LAMA YESHE - DHARMA NATALINO



Quando voltarmos a nos ver na véspera de Natal para a celebração do nascimento do Santo Jesus, façamo-lo em paz, com boa vibração e mente exultante. Eu acho que seria maravilhoso. Participar da celebração com raiva seria muito triste. Venha em vez disso com uma bela motivação e muito amor. Não tenha discriminação, mas veja tudo e todos como uma flor dourada, até mesmo o seu pior inimigo. Então o Natal, que tantas vezes produz uma mente agitada, ficará tão lindo.
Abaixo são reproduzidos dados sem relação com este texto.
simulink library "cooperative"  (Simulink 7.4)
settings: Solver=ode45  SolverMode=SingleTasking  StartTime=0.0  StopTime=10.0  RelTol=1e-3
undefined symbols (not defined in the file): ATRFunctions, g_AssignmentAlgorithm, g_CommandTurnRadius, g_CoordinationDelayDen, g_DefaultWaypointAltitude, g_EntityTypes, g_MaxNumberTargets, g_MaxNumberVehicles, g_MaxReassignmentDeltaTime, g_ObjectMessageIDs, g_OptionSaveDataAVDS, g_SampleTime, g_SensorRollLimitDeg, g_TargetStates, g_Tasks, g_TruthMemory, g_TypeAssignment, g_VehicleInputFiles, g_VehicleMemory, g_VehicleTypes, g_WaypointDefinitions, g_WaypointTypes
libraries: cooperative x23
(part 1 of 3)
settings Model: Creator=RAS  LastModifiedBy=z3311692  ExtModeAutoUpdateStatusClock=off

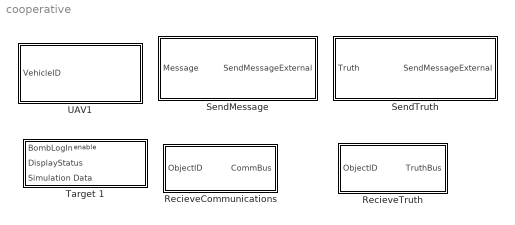
== system cooperative ==
  RecieveCommunications : Subsystem
  RecieveTruth : Subsystem
  SendMessage : Subsystem  mask{ReuseMatrix=growing, MessageTypeStr=ATRSingle}
      mask prompts: ReuseMatrix "Growing or Static memory matrix?"; MessageTypeStr "Select Message Type:"
      mask init:
      | global g_CommunicationMemory;
      | MessageIDIndex = FindMessageIndex(g_CommunicationMemory,MessageTypeStr);
      | MessageType = g_CommunicationMemory.Messages{MessageIDIndex}.ID;
      mask StyleString: popup(growing|static),popup(ETACostToSearch|PositionID|WaypointIndex|TriggerReplan|ATRSingle|ATRTime|TargetStatus|TargetAttacked|ChangedStatus|SendPositionsFlag|TaskBenefits|AuctionData)
  "SendTruth " : Subsystem  mask{ReuseMatrix=static, MessageTypeStr=VehicleState}
      mask prompts: ReuseMatrix "Growing or Static Memory Matrix?"; MessageTypeStr "Select Message Type:"
      mask init:
      | global g_TruthMemory
      | CommunicationsMemory = g_TruthMemory;
      | MessageIDIndex = FindMessageIndex(CommunicationsMemory ,MessageTypeStr);
      | MessageType = CommunicationsMemory.Messages{MessageIDIndex}.ID;
      mask StyleString: popup(growing|static),popup(VehicleState|VehicleIsDead|ChangeVehicleStatus|WeaponsRelease|TargetStatus|TargetState|VehicleStateSaveData|TrackList|ChangeAssignmentFlagSelf)
  Target 1 : Subsystem  AncestorBlock=cooperative/Target 1  TreatAsAtomicUnit=on
  UAV1 : Subsystem  Priority=2

== system cooperative/RecieveCommunications ==
  note: Communications Bus Simulation
      |
      | PURPOSE: Simulate communication subsystem.
      |
      | IMPLEMENTATION:
      | Vehicle-to-vehicle signals are isolated from the CommBus on CommBusSim.  In the case
      | of delayed communications, this is currently implimented with STL deques in the strigger files.
      | Strigger is essentially a trigger taking an arbitrary vector input that can be armed with a scalar
      | delay value...careful with those "enabled" blocks.
      |
      | See m-files:  GetVehicleCommDelay.m and InitializeGlobals.m for the OptionEnableCommDelay.
      |
      | NOTE:  YMMV.
  ObjectID : Inport
  Bus Creator1 : BusCreator  Inputs=24
  S-Function : S-Function  FunctionName=CommunicationsDLL  Parameters='g_CommunicationMemory'  EnableBusSupport=off
  CommBus : Outport
  wires:
  S-Function/24 -> Bus Creator1/24  "AuctionData"
  S-Function/23 -> Bus Creator1/23  "TimeAuctionData"
  S-Function/22 -> Bus Creator1/22  "TaskBenefits"
  S-Function/21 -> Bus Creator1/21  "TimeTaskBenefits"
  S-Function/20 -> Bus Creator1/20  "PositionsFlag"
  S-Function/19 -> Bus Creator1/19  "TimePositionsFlag"
  S-Function/18 -> Bus Creator1/18  "ChangedStatus"
  S-Function/17 -> Bus Creator1/17  "TimeChangedStatus"
  S-Function/16 -> Bus Creator1/16  "TargetAttacked"
  S-Function/15 -> Bus Creator1/15  "TimeTargetAttacked"
  S-Function/14 -> Bus Creator1/14  "TargetStatus"
  S-Function/13 -> Bus Creator1/13  "TimeTargetStatus"
  S-Function/12 -> Bus Creator1/12  "ATRTime"
  S-Function/11 -> Bus Creator1/11  "TimeATRTime"
  S-Function/10 -> Bus Creator1/10  "ATRSingle"
  S-Function/9 -> Bus Creator1/9  "TimeATRSingle"
  S-Function/8 -> Bus Creator1/8  "TriggerReplan"
  S-Function/7 -> Bus Creator1/7  "TimeTriggerReplan"
  S-Function/6 -> Bus Creator1/6  "WaypointIndex"
  S-Function/5 -> Bus Creator1/5  "TimeWaypointIndex"
  S-Function/4 -> Bus Creator1/4  "PositionID"
  S-Function/3 -> Bus Creator1/3  "TimePositionID"
  S-Function/2 -> Bus Creator1/2  "ETACostToSearch"
  S-Function/1 -> Bus Creator1/1  "TimeETACostToSearch"
  ObjectID/1 -> S-Function/1
  Bus Creator1/1 -> CommBus/1  "ExternalComm"

== system cooperative/RecieveTruth ==
  note: Communications Bus Simulation
      |
      | PURPOSE: Simulate communication subsystem.
      |
      | IMPLEMENTATION:
      | Vehicle-to-vehicle signals are isolated from the CommBus on CommBusSim.  In the case
      | of delayed communications, this is currently implimented with STL deques in the strigger files.
      | Strigger is essentially a trigger taking an arbitrary vector input that can be armed with a scalar
      | delay value...careful with those "enabled" blocks.
      |
      | See m-files:  GetVehicleCommDelay.m and InitializeGlobals.m for the OptionEnableCommDelay.
      |
      | NOTE:  YMMV.
  ObjectID : Inport
  Bus Creator1 : BusCreator  Inputs=18
  S-Function : S-Function  FunctionName=CommunicationsDLL  Parameters='g_TruthMemory'  EnableBusSupport=off
  TruthBus : Outport
  wires:
  S-Function/18 -> Bus Creator1/18  "ChangeAssignmentFlagSelf"
  S-Function/17 -> Bus Creator1/17  "TimeChangeAssignmentFlagSelf"
  S-Function/16 -> Bus Creator1/16  "TrackList"
  S-Function/15 -> Bus Creator1/15  "TimeTrackList"
  S-Function/14 -> Bus Creator1/14  "VehicleStateSaveData"
  S-Function/13 -> Bus Creator1/13  "TimeVehicleStateSaveData"
  S-Function/12 -> Bus Creator1/12  "TargetState"
  S-Function/11 -> Bus Creator1/11  "TimeTargetState"
  S-Function/2 -> Bus Creator1/2  "VehicleStates"
  S-Function/1 -> Bus Creator1/1  "TimeVehicleStates"
  S-Function/3 -> Bus Creator1/3  "TimeVehicleIsDead"
  S-Function/4 -> Bus Creator1/4  "VehicleIsDead"
  S-Function/5 -> Bus Creator1/5  "TimeVehicleKilled"
  S-Function/6 -> Bus Creator1/6  "VehicleKilled"
  S-Function/7 -> Bus Creator1/7  "TimeWeaponRelease"
  S-Function/8 -> Bus Creator1/8  "WeaponRelease"
  S-Function/9 -> Bus Creator1/9  "TimeTargetStatus"
  S-Function/10 -> Bus Creator1/10  "TargetStatus"
  ObjectID/1 -> S-Function/1
  Bus Creator1/1 -> TruthBus/1  "ExternalTruth"

== system cooperative/SendMessage ==
  Message : Inport
  Check for Changed Targets : RelationalOperator  Operator=~=  InputSameDT=on
  CreateLastTriggerTime : DataStoreMemory  DataStoreName=LastTriggerTime
  ReadLastTriggerTime : DataStoreRead  DataStoreName=LastTriggerTime  SampleTime=g_SampleTime
  Selector : Selector  IndexOptions=Index vector (dialog)  Indices=2  OutputSizes=1
  SendMessage : Subsystem  TreatAsAtomicUnit=on
  SendMessageExternal : Outport
  wires:
  Message/1 -> Selector/1, SendMessage/2(Message)
  Check for Changed Targets/1 -> SendMessage/Enable
  ReadLastTriggerTime/1 -> Check for Changed Targets/1
  Selector/1 -> Check for Changed Targets/2, SendMessage/1(ReplanTime)
  SendMessage/1(SendMessageExternal) -> SendMessageExternal/1  "SendMessage"

== system cooperative/SendTruth  ==
  Truth : Inport
  Check for Changed Targets : RelationalOperator  Operator=~=  InputSameDT=on
  CreateLastTriggerTime : DataStoreMemory  DataStoreName=LastTriggerTime
  ReadLastTriggerTime : DataStoreRead  DataStoreName=LastTriggerTime  SampleTime=g_SampleTime
  Selector : Selector  IndexOptions=Index vector (dialog)  Indices=2  OutputSizes=1
  SendMessage : Subsystem  TreatAsAtomicUnit=on
  SendMessageExternal : Outport
  wires:
  Selector/1 -> Check for Changed Targets/2, SendMessage/1(ReplanTime)
  ReadLastTriggerTime/1 -> Check for Changed Targets/1
  Check for Changed Targets/1 -> SendMessage/Enable
  Truth/1 -> Selector/1, SendMessage/2(Message)
  SendMessage/1(SendMessageExternal) -> SendMessageExternal/1  "SendMessage"

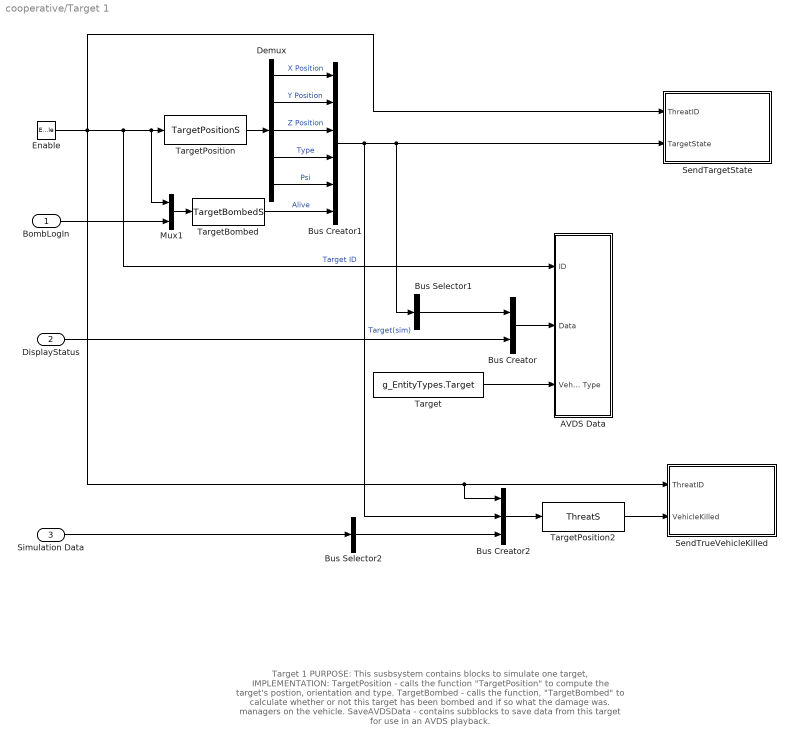
== system cooperative/Target 1 ==
  note: Target 1
      |
      | PURPOSE: This susbsystem contains blocks to simulate one target,
      |
      | IMPLEMENTATION:
      | TargetPosition - calls the function "TargetPosition" to compute the target's postion,
      |      orientation and type.
      | TargetBombed - calls the function, "TargetBombed" to calculate whether or not this
      |      target has been bombed and if so what the damage was.
      |      managers on the vehicle.
      | SaveAVDSData - contains subblocks to save data from this target for use
      |     in an AVDS playback.
  BombLogIn : Inport  SampleTime=g_SampleTime
  DisplayStatus : Inport  Port=2  SampleTime=g_SampleTime
  Simulation Data : Inport  Port=3  SampleTime=g_SampleTime
  Enable : EnablePort  StatesWhenEnabling=reset  ShowOutputPort=on
  AVDS Data : Subsystem
  Bus Creator : BusCreator  Inputs=2
  Bus Creator1 : BusCreator  Inputs=6
  Bus Creator2 : BusCreator  Inputs=3
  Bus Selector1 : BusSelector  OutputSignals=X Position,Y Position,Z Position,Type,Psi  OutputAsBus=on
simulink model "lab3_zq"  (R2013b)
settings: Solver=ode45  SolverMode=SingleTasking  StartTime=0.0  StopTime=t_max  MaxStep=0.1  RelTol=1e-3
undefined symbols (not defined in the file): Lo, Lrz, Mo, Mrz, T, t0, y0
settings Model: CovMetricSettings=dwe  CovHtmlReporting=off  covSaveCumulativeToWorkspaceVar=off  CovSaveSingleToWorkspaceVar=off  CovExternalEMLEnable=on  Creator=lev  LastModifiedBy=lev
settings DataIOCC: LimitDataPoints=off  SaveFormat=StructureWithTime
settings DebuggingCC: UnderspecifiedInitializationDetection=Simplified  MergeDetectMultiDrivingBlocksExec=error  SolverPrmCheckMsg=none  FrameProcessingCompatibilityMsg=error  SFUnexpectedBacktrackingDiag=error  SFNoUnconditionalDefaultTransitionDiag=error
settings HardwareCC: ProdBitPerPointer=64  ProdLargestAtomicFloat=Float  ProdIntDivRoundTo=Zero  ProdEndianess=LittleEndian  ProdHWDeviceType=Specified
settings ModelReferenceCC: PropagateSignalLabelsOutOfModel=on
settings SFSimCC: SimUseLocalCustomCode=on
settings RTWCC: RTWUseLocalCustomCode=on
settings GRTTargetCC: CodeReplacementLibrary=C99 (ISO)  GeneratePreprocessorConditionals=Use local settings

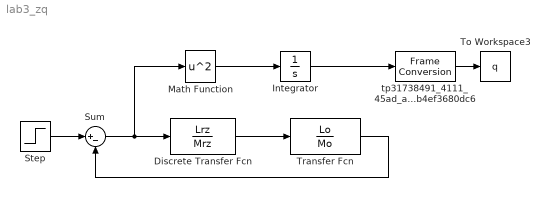
== system lab3_zq ==
  Discrete Transfer Fcn : DiscreteTransferFcn  Numerator=Lrz  Denominator=Mrz  SampleTime=T
  Integrator : Integrator
  Math Function : Math  Operator=square  SaturateOnIntegerOverflow=on
  Step : Step  Time=t0  After=y0  SampleTime=0
  Sum : Sum  Inputs=|+-
  To Workspace3 : ToWorkspace  VariableName=q  SampleTime=-1
      settings: MaxDataPoints=1
  Transfer Fcn : TransferFcn  Numerator=Lo  Denominator=Mo
  tp31738491_4111_45ad_a906_eb4ef3680dc6 : FrameConversion  OutFrame=Sample-based
  wires:
  Transfer Fcn/1 -> Sum/2
  Sum/1 -> Discrete Transfer Fcn/1, Math Function/1
  Step/1 -> Sum/1
  Math Function/1 -> Integrator/1
  Discrete Transfer Fcn/1 -> Transfer Fcn/1
  Integrator/1 -> tp31738491_4111_45ad_a906_eb4ef3680dc6/1
  tp31738491_4111_45ad_a906_eb4ef3680dc6/1 -> To Workspace3/1
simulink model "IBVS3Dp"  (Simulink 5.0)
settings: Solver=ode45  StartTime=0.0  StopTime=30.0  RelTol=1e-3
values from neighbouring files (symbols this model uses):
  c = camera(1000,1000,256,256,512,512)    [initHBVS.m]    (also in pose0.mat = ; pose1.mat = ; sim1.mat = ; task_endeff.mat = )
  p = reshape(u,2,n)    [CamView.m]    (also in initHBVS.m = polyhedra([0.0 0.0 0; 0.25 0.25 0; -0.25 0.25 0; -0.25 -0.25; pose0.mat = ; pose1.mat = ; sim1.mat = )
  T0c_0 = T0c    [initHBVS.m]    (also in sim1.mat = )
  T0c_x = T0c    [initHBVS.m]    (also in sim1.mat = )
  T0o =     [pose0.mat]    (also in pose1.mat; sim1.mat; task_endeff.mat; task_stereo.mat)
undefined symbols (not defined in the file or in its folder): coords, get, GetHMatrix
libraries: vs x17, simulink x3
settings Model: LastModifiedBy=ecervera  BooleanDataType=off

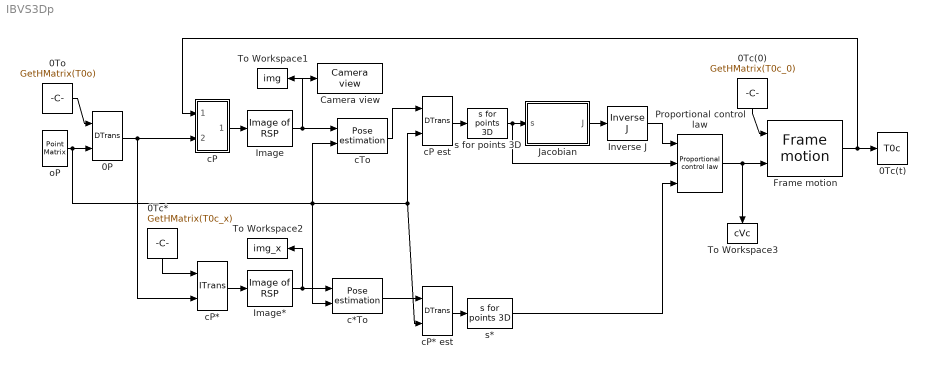
== system IBVS3Dp ==
  0P : vs/Features/DTrans  SimViewingDevice=off  DataTypeOverride=UseLocalSettings  MinMaxOverflowLogging=UseLocalSettings
      settings: Permissions=ReadWrite  RTWFcnNameOpts=Auto  RTWFileNameOpts=Auto
  0Tc(0) : Constant  Orientation=down  Value=GetHMatrix(T0c_0)  VectorParams1D=off
  0Tc(t) : ToWorkspace  VariableName=T0c  SampleTime=-1  SaveFormat=StructureWithTime
  0Tc* : Constant  Orientation=down  Value=GetHMatrix(T0c_x)  VectorParams1D=off
  0To : Constant  Value=GetHMatrix(T0o)  VectorParams1D=off
  Camera view : vs/Camera/Camera view  ms=15  em=normal  umin=0  umax=get(c,'hres')-1  vmin=0  vmax=get(c,'vres')-1  st=-1
  Frame motion : vs/Pose/Frame motion  SimViewingDevice=off  DataTypeOverride=UseLocalSettings  MinMaxOverflowLogging=UseLocalSettings
      settings: Permissions=ReadWrite  RTWFcnNameOpts=Auto  RTWFileNameOpts=Auto
  Image : vs/Camera/Image of RSP  fu=get(c,'fu')  fv=get(c,'fv')  u0=get(c,'u0')  v0=get(c,'v0')
  Image* : vs/Camera/Image of RSP  fu=get(c,'fu')  fv=get(c,'fv')  u0=get(c,'u0')  v0=get(c,'v0')
  Inverse J : vs/Jacobian/Inverse J  SimViewingDevice=off  DataTypeOverride=UseLocalSettings  MinMaxOverflowLogging=UseLocalSettings
      settings: Permissions=ReadWrite  RTWFcnNameOpts=Auto  RTWFileNameOpts=Auto
  Jacobian : Subsystem  AncestorBlock=vs/Jacobian/Jacobian of 3D points
  Proportional control law : vs/Jacobian/Proportional control law  lambda=lambda
  To Workspace1 : ToWorkspace  VariableName=img  SampleTime=-1  SaveFormat=StructureWithTime
  To Workspace2 : ToWorkspace  VariableName=img_x  SampleTime=-1  SaveFormat=StructureWithTime
  To Workspace3 : ToWorkspace  VariableName=cVc  SampleTime=-1  SaveFormat=StructureWithTime
      settings: Orientation=down
  c*To : vs/Camera/Pose estimation  fu=get(c,'fu')  fv=get(c,'fv')  u0=get(c,'u0')  v0=get(c,'v0')  threshold=0.001
  cP : Subsystem  AncestorBlock=vs/Features/ITrans
  cP est : vs/Features/DTrans  SimViewingDevice=off  DataTypeOverride=UseLocalSettings  MinMaxOverflowLogging=UseLocalSettings
      settings: Permissions=ReadWrite  RTWFcnNameOpts=Auto  RTWFileNameOpts=Auto
  cP* : vs/Features/ITrans  SimViewingDevice=off  DataTypeOverride=UseLocalSettings  MinMaxOverflowLogging=UseLocalSettings
      settings: Permissions=ReadWrite  RTWFcnNameOpts=Auto  RTWFileNameOpts=Auto
  cP* est : vs/Features/DTrans  SimViewingDevice=off  DataTypeOverride=UseLocalSettings  MinMaxOverflowLogging=UseLocalSettings
      settings: Permissions=ReadWrite  RTWFcnNameOpts=Auto  RTWFileNameOpts=Auto
  cTo : vs/Camera/Pose estimation  fu=get(c,'fu')  fv=get(c,'fv')  u0=get(c,'u0')  v0=get(c,'v0')  threshold=0.001
  oP : vs/Features/Point Matrix  m=coords(p)
  s for points 3D : vs/Jacobian/s for points 3D  SimViewingDevice=off  DataTypeOverride=UseLocalSettings  MinMaxOverflowLogging=UseLocalSettings
      settings: Permissions=ReadWrite  RTWFcnNameOpts=Auto  RTWFileNameOpts=Auto
  s* : vs/Jacobian/s for points 3D  SimViewingDevice=off  DataTypeOverride=UseLocalSettings  MinMaxOverflowLogging=UseLocalSettings
      settings: Permissions=ReadWrite  RTWFcnNameOpts=Auto  RTWFileNameOpts=Auto
  wires:
  oP/1 -> 0P/2, c*To/2, cP* est/2, cP est/2, cTo/2
  cP/1(bP) -> Image/1
  Image/1 -> Camera view/1, To Workspace1/1, cTo/1
  Jacobian/1(J) -> Inverse J/1
  Inverse J/1 -> Proportional control law/1
  s*/1 -> Proportional control law/3
  Frame motion/1 -> 0Tc(t)/1, cP/1(aTb)
  0Tc*/1 -> cP*/1
  cP*/1 -> Image*/1
  0Tc(0)/1 -> Frame motion/1
  0To/1 -> 0P/1
  0P/1 -> cP/2(aP), cP*/2
  Proportional control law/1 -> To Workspace3/1, Frame motion/2
  Image*/1 -> To Workspace2/1, c*To/1
  cTo/1 -> cP est/1
  s for points 3D/1 -> Jacobian/1(s), Proportional control law/2
  cP* est/1 -> s*/1
  c*To/1 -> cP* est/1
  cP est/1 -> s for points 3D/1

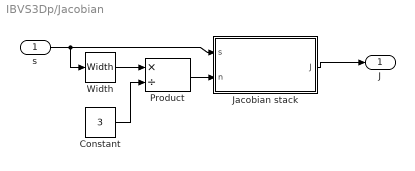
== system IBVS3Dp/Jacobian ==
  s : Inport
  Constant : Constant  Value=3
  Jacobian stack : Subsystem  TreatAsAtomicUnit=on
  Product : Product  Inputs=*/  SaturateOnIntegerOverflow=on  InputSameDT=on
  Width : Width
  J : Outport
  wires:
  Constant/1 -> Product/2
  Width/1 -> Product/1
  Product/1 -> Jacobian stack/2(n)
  s/1 -> Width/1, Jacobian stack/1(s)
  Jacobian stack/1(J) -> J/1

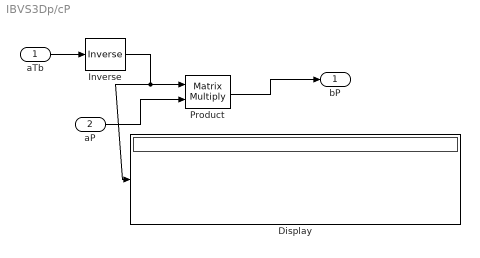
== system IBVS3Dp/cP ==
  aTb : Inport
  aP : Inport  Port=2
  Display : Display
  Inverse : vs/Pose/Inverse  SimViewingDevice=off  DataTypeOverride=UseLocalSettings  MinMaxOverflowLogging=UseLocalSettings
      settings: Permissions=ReadWrite  RTWFcnNameOpts=Auto  RTWFileNameOpts=Auto
  Product : Product  Multiplication=Matrix(*)  SaturateOnIntegerOverflow=on  InputSameDT=on
  bP : Outport
  wires:
  Inverse/1 -> Product/1, Display/1
  aTb/1 -> Inverse/1
  Product/1 -> bP/1
  aP/1 -> Product/2

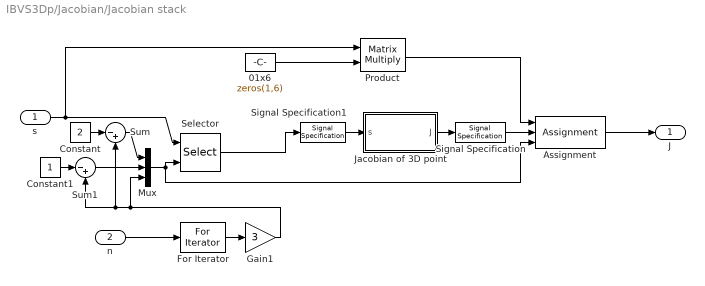
== system IBVS3Dp/Jacobian/Jacobian stack ==
  s : Inport
  n : Inport  Port=2
  01x6 : Constant  Value=zeros(1,6)  VectorParams1D=off
  Assignment : Assignment  InputType=Matrix  RowSrc=External  Columns=-1
  Constant : Constant  Value=2
  Constant1 : Constant
  For Iterator : ForIterator  IterationSource=external  OutputDataType=double
  Gain1 : Gain  Gain=3  SaturateOnIntegerOverflow=on
  Jacobian of 3D point : Subsystem
  Mux : Mux  Inputs=3
  Product : Product  Multiplication=Matrix(*)  SaturateOnIntegerOverflow=on  InputSameDT=on
  Selector : Selector  InputType=Matrix  ElementSrc=External  Elements=[1 3]  RowSrc=External  Columns=-1  InputPortWidth=3
  Signal Specification : simulink/Signal Attributes/Signal Specification  D=[3 6]  Ts=-1  DataType=auto  OutDataType=sfix(16)  OutScaling=2^0
      settings: SignalType=auto  SamplingMode=auto
  Signal Specification1 : simulink/Signal Attributes/Signal Specification  D=[3 1]  Ts=-1  DataType=auto  OutDataType=sfix(16)  OutScaling=2^0
      settings: SignalType=auto  SamplingMode=auto
  Sum : Sum  Inputs=|-+  SaturateOnIntegerOverflow=on  InputSameDT=on
  Sum1 : Sum  Inputs=|-+  SaturateOnIntegerOverflow=on  InputSameDT=on
  J : Outport
  wires:
  Sum1/1 -> Mux/2
  Constant1/1 -> Sum1/1
  s/1 -> Product/1, Selector/1
  n/1 -> For Iterator/1
  Assignment/1 -> J/1
  Product/1 -> Assignment/1
  01x6/1 -> Product/2
  Mux/1 -> Selector/2, Assignment/3
  For Iterator/1 -> Gain1/1
  Gain1/1 -> Sum1/2, Sum/2, Mux/3
  Sum/1 -> Mux/1
  Constant/1 -> Sum/1
  Jacobian of 3D point/1(J) -> Signal Specification/1
  Selector/1 -> Signal Specification1/1
  Signal Specification/1 -> Assignment/2
  Signal Specification1/1 -> Jacobian of 3D point/1(s)

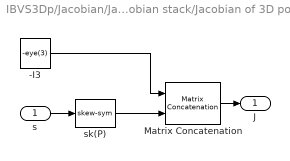
== system IBVS3Dp/Jacobian/Jacobian stack/Jacobian of 3D point ==
  s : Inport
  -I3 : Constant  Value=-eye(3)  VectorParams1D=off
  Matrix Concatenation : simulink/Math Operations/Matrix Concatenation  numInports=2  catMethod=Horizontal
  sk(P) : vs/Pose/skew-sym  SimViewingDevice=off  DataTypeOverride=UseLocalSettings  MinMaxOverflowLogging=UseLocalSettings
      settings: Permissions=ReadWrite  RTWFcnNameOpts=Auto  RTWFileNameOpts=Auto
  J : Outport
  wires:
  -I3/1 -> Matrix Concatenation/1
  sk(P)/1 -> Matrix Concatenation/2
  s/1 -> sk(P)/1
  Matrix Concatenation/1 -> J/1

Quando você muda sua atitude mental, a visão externa também muda. Esta é uma verdadeira mudança de mentalidade. Não há dúvida sobre isso. Não sou especial, mas tenho experiência nisso e funciona. Vocês são tão inteligentes que podem entender como a mente tem essa capacidade de mudar a si mesma e ao seu ambiente. Não há razão para que esta mudança não possa ser para melhor.

Alguns de vocês podem pensar: “Oh, não tenho nada a ver com Jesus, nada a ver com a Bíblia”. Esta é uma atitude muito raivosa e emocional em relação ao cristianismo. Se você realmente entendesse, reconheceria que o que Jesus ensinou não foi nada além de: “Amor!” É tão simples e profundo. Se você tivesse amor verdadeiro dentro de você, tenho certeza de que se sentiria muito mais tranquilo.
O que você normalmente pensa sobre o amor? Seja honesto. Está sempre envolvido com discriminações, não é? Basta olhar ao redor desta sala e ver se alguém aqui é objeto do seu amor. Por que você discrimina tão nitidamente entre amigos e inimigos? Por que você vê diferenças tão grandes entre você e os outros? Nos ensinamentos budistas, esta atitude ilusória e discriminativa é chamada de dualismo. Jesus disse que tal atitude é o oposto do verdadeiro Amor. Portanto, há em alguém de nós o amor puro de que Jesus estava falando? Se não o fizermos, não devemos criticar os seus ensinamentos ou sentir que são irrelevantes para nós. Somos nós que entendemos mal, talvez conhecendo seus ensinamentos, mas nunca agindo de acordo com eles.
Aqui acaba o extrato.